Princeton University professor Hans-Peter Bunge explains that tectonic plates -- 50-mile-thick slabs of rock -- are still sinking into the mantle beneath South America. Throughout geological history, plate movements have built mountains, dragged up volcanoes and caused earthquakes.

Hans-Peter Bunge, Princeton University geology professor, believes we live above an ocean. "The mantle is, if you will, just another ocean inside of the Earth," he says. No, the planet is not full of water, but extreme pressures and temperatures make the rocky middle layer behave like a fluid on geological time-scales.

Bunge submerges into this ocean with TERRA, mantle simulation software from Los Alamos National Laboratory. His purpose is to recreate the flow of rock that sculpts the mountain-studded continents and digs the trench-lined ocean floor. Mantle work continues through the present age, making planet Earth an unfinished story.

Seeking funds for TERRA expeditions, a team including Bunge sent a proposal to NASA's High Performance Computing and Communications (HPCC) Program in 1995. They would enhance TERRA and distribute it via the World Wide Web so others could study the evolving Earth. NASA Headquarters selected the plan, but 1996 negotiations with the HPCC Earth and Space Sciences Project did not go as expected. Associate project manager Robert Ferraro heard talk about tectonic plates building mountains and slipping in earthquakes. To him, that meant TERRA needed to simulate more than a mantle. "Why not seize the opportunity to add the real shapers of the planet surface, a feat no one had attempted?" Ferraro thought. The team agreed to take on this formidable task and include plates in the final software release.
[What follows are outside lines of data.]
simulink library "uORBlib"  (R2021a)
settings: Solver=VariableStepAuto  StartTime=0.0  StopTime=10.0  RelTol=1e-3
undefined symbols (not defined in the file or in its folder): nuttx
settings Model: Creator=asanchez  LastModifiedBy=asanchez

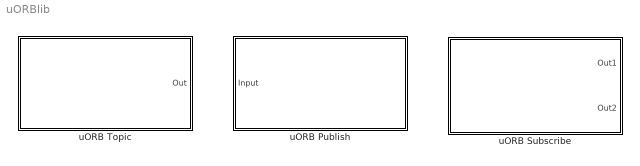
== system uORBlib ==
  uORB Publish : Subsystem  mask(Nuttx uORB Publish){uORBTopic=log_message, selectInstance=log_message}
      mask prompts: uORBTopic "Topic :"
      mask init:
      | nuttx.internal.block.PublishBlockMask.dispatch('maskInitialize',gcb);
      mask Callback uORBTopic: nuttx.internal.block.PublishBlockMask.dispatch('topicEdit',gcb);
      mask TypeOptions selectInstance: log_message
      mask DialogControl Container4 Prompt: Main
      mask DialogControl topicSelecBtn Prompt: Select
      mask DialogControl topicSelecBtn Callback: nuttx.internal.block.PublishBlockMask.dispatch('topicSelect',gcb);
      mask DialogControl Container5 Prompt: Advanced
      mask Display:
      | color('blue');
      | text(0.2, 0.90, 'Nuttx', 'horizontalAlignment', 'right');
      | color('black');
      | text(0.5, 0.60, 'uORB Publish', 'horizontalAlignment', 'center');
      | if length(uORBTopic) > 20
      |   text(0.95, 0.15, uORBTopic, 'horizontalAlignment', 'right');
      | else
      |   text(0.5, 0.15, uORBTopic, 'horizontalAlignment', 'center');
      | end
      | port_label('input', 1, 'Msg');
  uORB Subscribe : Subsystem  mask(Nuttx uORB Read){uORBTopic=log_message, selectInstance=log_message, SampleTime=0.001, BlockingMode=off, BlockTimeout=1e-3}
      mask prompts: uORBTopic "nuttx:blockmask:TopicPrompt"; selectInstance "nuttx:blockmask:SelectInstance"; SampleTime "nuttx:blockmask:SampleTimePrompt"; BlockingMode "Wait until data received"; BlockTimeout "Timeout in seconds:"
      mask init:
      | nuttx.internal.block.SubscribeBlockMask.dispatch('maskInitialize', gcb);
      mask Callback uORBTopic: nuttx.internal.block.SubscribeBlockMask.dispatch('topicEdit', gcb);
      mask TypeOptions selectInstance: log_message
      mask TypeOptions SampleTime: SourceBlock/SampleTime
      mask TypeOptions BlockingMode: SourceBlock/BlockingMode
      mask Callback BlockingMode: nuttx.internal.block.SubscribeBlockMask.dispatch('blockingModeSelect', gcb);
      mask TypeOptions BlockTimeout: SourceBlock/BlockTimeout
      mask DialogControl ContainerMain Prompt: Main
      mask DialogControl topicSelectButton Prompt: Select
      mask DialogControl topicSelectButton Callback: nuttx.internal.block.SubscribeBlockMask.dispatch('topicSelect', gcb);
      mask DialogControl ContainerAdvanced Prompt: Advanced
      mask Display:
      | color('blue');
      | text(0.2, 0.90, 'Nuttx', 'horizontalAlignment', 'right');
      | color('black');
      | text(0.5, 0.60, 'uORB Subscribe', 'horizontalAlignment', 'center');
      | if length(uORBTopic) > 16
      |   text(0.83, 0.15, uORBTopic, 'horizontalAlignment', 'right');
      | else
      |   text(0.5, 0.15, uORBTopic, 'horizontalAlignment', 'center');
      | end
      | port_label('output', 1, 'Status');
      | port_label('output', 2, 'Msg');
  uORB Topic : Subsystem  SystemSampleTime=SampleTime  mask(uORB Message){uORBTopic=log_message, SampleTime=inf, selectInstance=log_message}
      mask prompts: uORBTopic "Topic :"; SampleTime "Simulink:blkprm_prompts:AllBlksSampleTime"
      mask init:
      | nuttx.internal.block.MessageBlockMask.dispatch('maskInitialize', gcb);
      mask Callback uORBTopic: nuttx.internal.block.MessageBlockMask.dispatch('topicEdit', gcb);
      mask TypeOptions SampleTime: SystemSampleTime
      mask TypeOptions selectInstance: log_message
      mask DialogControl Container5 Prompt: Main
      mask DialogControl topicSelectBtn Prompt: Select
      mask DialogControl topicSelectBtn Callback: nuttx.internal.block.MessageBlockMask.dispatch('topicSelect', gcb);
      mask DialogControl SampleTime Prompt: Sample time (-1 for inherited):
      mask Display:
      | color('blue');
      | text(0.2, 0.90, 'Nuttx', 'horizontalAlignment', 'right');
      | color('black');
      | text(0.5, 0.60, 'uORB Message', 'horizontalAlignment', 'center');
      | 
      | if length(uORBTopic) > 16
      |   text(0.83, 0.15, uORBTopic, 'horizontalAlignment', 'right');
      | else
      |   text(0.5, 0.15, uORBTopic, 'horizontalAlignment', 'center');
      | end
      | 
      | port_label('output', 1, 'Msg');

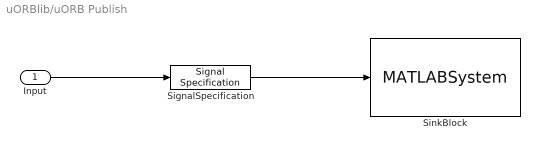
== system uORBlib/uORB Publish ==
  Input : Inport
  SignalSpecification : SignalSpecification  OutDataTypeStr=Bus: nuttx_Bus_log_message  BusOutputAsStruct=on
      settings: LockScale=on
  SinkBlock : MATLABSystem  System=nuttx.internal.block.Publisher  uORBTopic=log_message  MessageQueueLen=1  uORBTopicInstance=log_message  SLBusName=nuttx_Bus_log_message
      mask Type: nuttx.internal.block.Publisher
      mask Display: disp('Publisher');
  wires:
  Input/1 -> SignalSpecification/1
  SignalSpecification/1 -> SinkBlock/1

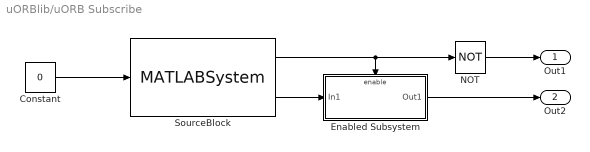
== system uORBlib/uORB Subscribe ==
  Constant : Constant  Value=0  OutDataTypeStr=Bus: nuttx_Bus_log_message
  Enabled Subsystem : Subsystem  TreatAsAtomicUnit=on
  NOT : Logic  Operator=NOT  IconShape=distinctive  AllPortsSameDT=off  OutDataTypeStr=boolean
  SourceBlock : MATLABSystem  InitFcn=nuttx.internal.block.SubscribeBlockMask.dispatch('sysobjInitFcn', gcb);  System=nuttx.internal.block.Subscriber  uORBTopic=log_message  uORBTopicInstance=log_message  SLBusName=nuttx_Bus_log_message  SampleTime=SampleTime  BlockingMode=off  BlockTimeout=BlockTimeout
      mask Type: nuttx.internal.block.Subscriber
      mask Display:
      | disp('Subscriber');
      | port_label('input',1,'busstruct');
      | port_label('output',1,'isNewData');
      | port_label('output',2,'msg');
  Out1 : Outport  SampleTime=0.001
  Out2 : Outport  Port=2
  wires:
  Constant/1 -> SourceBlock/1
  SourceBlock/2 -> Enabled Subsystem/1(In1)
  SourceBlock/1 -> NOT/1, Enabled Subsystem/Enable
  NOT/1 -> Out1/1
  Enabled Subsystem/1(Out1) -> Out2/1

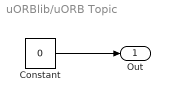
== system uORBlib/uORB Topic ==
  Constant : Constant  InitFcn=nuttx.internal.block.MessageBlockMask.dispatch('constantBlkInitFcn', gcb);  Value=0  OutDataTypeStr=Bus: nuttx_Bus_log_message  SampleTime=SampleTime
  Out : Outport  VectorParamsAs1DForOutWhenUnconnected=off
  wires:
  Constant/1 -> Out/1

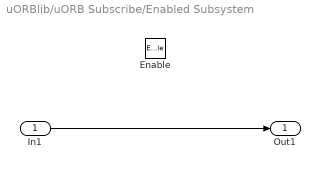
== system uORBlib/uORB Subscribe/Enabled Subsystem ==
  In1 : Inport
  Enable : EnablePort
  Out1 : Outport
  wires:
  In1/1 -> Out1/1

Map by Paul D. Lowman, Jr., and others, NASA/Goddard Space Flight Center

Tectonic plates underlie the continents and ocean floor. This map reflects tectonic activity over the last one million years. 93K size

"We got so excited about the problem because it is at the heart of our science," recollects Bunge, who was then a graduate student at Los Alamos. "When we woke up out of the enthusiasm and realized what a mound of work we had bought ourselves, we all were surprised and shocked for a moment."

Plate work

While he would pursue Ferraro's challenge for the next four years, Bunge first learned about tectonic plates as a physics freshman at the University of Tuebingen in Germany. During that year he went to Italy for a seminar on Mediterranean Sea geology. It showed Bunge that plates underlying the continents and ocean floor closed "a very large ocean that separated Africa from Europe. In the process of that closure, the Alps formed, and a little remnant of that ocean called the Mediterranean Sea was left over."

Hans-Peter Bunge travels back more than 100 million years to recreate the plate motions that formed the Rocky Mountains and other surface geology. 38K size

The freshman was hooked. The seminar's vividness "invoked in me a passion for the geological sciences, in particular for plate tectonics," he says. Adding a second major in geology, Bunge did field work, mapping the Alps his instructors had described.

A few months after his 1988 graduation, Bunge went to South Africa, "a country that represents the geology of the southern continents, which is different from the geology of the northern continents." The field geologist researched gold extraction for a national laboratory.

Besides "seeing the world in all its richness and facets," working in the Alps and South Africa taught Bunge to "pay attention to the data, the actual observations in the field. That is very important for someone who works on theoretical models, because it is quite easy with a model to forget all the data you really should address."

Rocks get stronger

Bunge was unaware of supercomputer models until graduate school. A Fulbright Fellowship funded his study at the University of California, Berkeley, for the 1989-90 academic year. The plan was to return to Germany, but the faculty asked Bunge to stay.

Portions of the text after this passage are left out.